-- Description of the task --
Gather all lines in the entries that include the word "Threshold".

Segment Open

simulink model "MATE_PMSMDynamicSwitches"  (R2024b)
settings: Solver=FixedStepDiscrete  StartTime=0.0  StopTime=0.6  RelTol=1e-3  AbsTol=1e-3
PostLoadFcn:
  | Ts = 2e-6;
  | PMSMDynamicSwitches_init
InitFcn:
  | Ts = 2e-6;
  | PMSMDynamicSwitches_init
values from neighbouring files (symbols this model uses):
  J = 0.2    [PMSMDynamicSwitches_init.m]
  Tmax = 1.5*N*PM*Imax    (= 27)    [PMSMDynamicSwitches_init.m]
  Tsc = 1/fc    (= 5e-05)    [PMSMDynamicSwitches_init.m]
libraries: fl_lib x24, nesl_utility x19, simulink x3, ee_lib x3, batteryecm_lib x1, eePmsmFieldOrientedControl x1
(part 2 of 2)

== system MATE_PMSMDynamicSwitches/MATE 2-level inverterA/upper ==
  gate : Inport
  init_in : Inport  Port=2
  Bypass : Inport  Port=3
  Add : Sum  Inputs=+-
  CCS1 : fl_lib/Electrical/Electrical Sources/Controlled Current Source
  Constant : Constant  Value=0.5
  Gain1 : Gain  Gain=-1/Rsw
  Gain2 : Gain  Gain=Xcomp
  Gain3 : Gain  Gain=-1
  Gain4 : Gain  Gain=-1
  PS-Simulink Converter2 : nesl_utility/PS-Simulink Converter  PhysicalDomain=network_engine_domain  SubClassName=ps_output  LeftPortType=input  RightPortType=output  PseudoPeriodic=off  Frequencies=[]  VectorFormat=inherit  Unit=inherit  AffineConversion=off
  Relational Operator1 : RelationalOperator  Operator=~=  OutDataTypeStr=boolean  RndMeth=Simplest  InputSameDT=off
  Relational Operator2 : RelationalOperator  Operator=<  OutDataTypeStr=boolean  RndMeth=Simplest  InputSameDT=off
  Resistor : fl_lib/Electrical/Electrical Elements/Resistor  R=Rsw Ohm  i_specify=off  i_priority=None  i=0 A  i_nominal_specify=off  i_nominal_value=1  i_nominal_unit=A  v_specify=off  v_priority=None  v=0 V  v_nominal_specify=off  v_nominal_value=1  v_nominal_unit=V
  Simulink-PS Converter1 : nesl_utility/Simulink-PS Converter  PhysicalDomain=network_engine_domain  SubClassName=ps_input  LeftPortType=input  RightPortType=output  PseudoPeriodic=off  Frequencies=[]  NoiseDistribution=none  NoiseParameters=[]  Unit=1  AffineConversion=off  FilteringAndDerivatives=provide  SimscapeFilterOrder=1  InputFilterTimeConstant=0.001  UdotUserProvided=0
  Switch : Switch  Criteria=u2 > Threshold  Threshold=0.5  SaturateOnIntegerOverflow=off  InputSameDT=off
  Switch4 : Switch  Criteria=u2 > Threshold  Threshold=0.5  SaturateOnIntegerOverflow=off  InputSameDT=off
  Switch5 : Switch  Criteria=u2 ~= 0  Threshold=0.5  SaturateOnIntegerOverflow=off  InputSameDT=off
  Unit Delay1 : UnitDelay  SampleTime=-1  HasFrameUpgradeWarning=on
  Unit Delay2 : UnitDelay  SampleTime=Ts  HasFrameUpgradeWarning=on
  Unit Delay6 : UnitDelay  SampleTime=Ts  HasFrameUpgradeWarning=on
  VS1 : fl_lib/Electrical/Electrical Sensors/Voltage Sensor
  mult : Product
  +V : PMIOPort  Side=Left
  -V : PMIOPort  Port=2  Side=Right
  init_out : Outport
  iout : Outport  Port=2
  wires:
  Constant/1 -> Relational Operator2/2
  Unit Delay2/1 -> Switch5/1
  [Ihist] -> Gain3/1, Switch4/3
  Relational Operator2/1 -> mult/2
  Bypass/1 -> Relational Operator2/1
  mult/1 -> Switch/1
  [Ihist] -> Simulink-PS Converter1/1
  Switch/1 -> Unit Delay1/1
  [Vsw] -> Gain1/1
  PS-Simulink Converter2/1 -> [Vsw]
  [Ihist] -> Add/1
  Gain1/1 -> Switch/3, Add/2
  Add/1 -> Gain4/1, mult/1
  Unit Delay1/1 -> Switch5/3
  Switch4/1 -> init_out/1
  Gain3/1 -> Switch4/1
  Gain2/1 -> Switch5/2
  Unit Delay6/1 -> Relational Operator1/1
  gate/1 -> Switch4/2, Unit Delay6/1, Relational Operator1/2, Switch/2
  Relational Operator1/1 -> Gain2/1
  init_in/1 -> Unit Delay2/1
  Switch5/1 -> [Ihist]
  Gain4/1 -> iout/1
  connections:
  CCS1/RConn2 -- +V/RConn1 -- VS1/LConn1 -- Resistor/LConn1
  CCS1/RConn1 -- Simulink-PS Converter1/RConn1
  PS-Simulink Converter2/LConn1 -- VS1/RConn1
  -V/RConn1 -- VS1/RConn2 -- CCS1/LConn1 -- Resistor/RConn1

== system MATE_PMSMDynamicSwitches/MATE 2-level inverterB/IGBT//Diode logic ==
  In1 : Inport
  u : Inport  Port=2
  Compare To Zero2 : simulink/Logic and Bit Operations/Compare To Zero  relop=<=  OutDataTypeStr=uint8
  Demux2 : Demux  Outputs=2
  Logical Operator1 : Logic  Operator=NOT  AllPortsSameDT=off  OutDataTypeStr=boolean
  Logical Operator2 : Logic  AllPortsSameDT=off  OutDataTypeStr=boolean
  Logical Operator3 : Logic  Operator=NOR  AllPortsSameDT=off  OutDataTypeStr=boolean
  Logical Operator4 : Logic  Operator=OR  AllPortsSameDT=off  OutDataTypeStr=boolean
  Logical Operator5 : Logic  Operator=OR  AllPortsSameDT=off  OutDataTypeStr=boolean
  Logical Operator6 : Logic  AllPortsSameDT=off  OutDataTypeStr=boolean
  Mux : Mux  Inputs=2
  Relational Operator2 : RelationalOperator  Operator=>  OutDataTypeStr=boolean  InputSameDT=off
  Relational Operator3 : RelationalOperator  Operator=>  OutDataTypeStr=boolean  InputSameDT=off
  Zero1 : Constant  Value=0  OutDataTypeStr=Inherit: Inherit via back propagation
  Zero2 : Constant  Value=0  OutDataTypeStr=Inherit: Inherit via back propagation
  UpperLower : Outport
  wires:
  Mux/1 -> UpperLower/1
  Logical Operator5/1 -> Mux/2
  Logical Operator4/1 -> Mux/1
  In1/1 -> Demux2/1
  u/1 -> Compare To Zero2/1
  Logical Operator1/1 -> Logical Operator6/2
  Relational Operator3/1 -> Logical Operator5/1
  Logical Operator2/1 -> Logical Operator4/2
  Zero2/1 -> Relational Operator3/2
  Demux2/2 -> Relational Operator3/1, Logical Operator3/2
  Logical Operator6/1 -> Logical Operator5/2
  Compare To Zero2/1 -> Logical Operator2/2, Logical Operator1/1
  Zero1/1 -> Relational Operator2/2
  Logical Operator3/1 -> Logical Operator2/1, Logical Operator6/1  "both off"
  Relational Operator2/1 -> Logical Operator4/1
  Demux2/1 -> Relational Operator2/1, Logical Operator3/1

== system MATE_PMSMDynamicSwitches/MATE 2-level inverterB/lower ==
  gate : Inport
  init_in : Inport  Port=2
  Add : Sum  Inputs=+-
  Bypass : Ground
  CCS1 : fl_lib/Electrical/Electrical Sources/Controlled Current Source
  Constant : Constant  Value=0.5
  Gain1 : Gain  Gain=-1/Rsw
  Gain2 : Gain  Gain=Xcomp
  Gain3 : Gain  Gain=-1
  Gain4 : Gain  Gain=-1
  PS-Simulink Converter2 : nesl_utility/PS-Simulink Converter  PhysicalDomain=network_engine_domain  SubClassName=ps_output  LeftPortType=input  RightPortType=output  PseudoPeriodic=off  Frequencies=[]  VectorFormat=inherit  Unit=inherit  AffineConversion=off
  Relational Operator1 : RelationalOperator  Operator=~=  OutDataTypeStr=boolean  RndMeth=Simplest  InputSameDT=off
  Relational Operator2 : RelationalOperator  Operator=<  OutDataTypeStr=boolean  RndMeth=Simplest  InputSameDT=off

Segment Closed

-- Problem solution --
  Switch : Switch  Criteria=u2 > Threshold  Threshold=0.5  SaturateOnIntegerOverflow=off  InputSameDT=off
  Switch4 : Switch  Criteria=u2 > Threshold  Threshold=0.5  SaturateOnIntegerOverflow=off  InputSameDT=off
  Switch5 : Switch  Criteria=u2 ~= 0  Threshold=0.5  SaturateOnIntegerOverflow=off  InputSameDT=off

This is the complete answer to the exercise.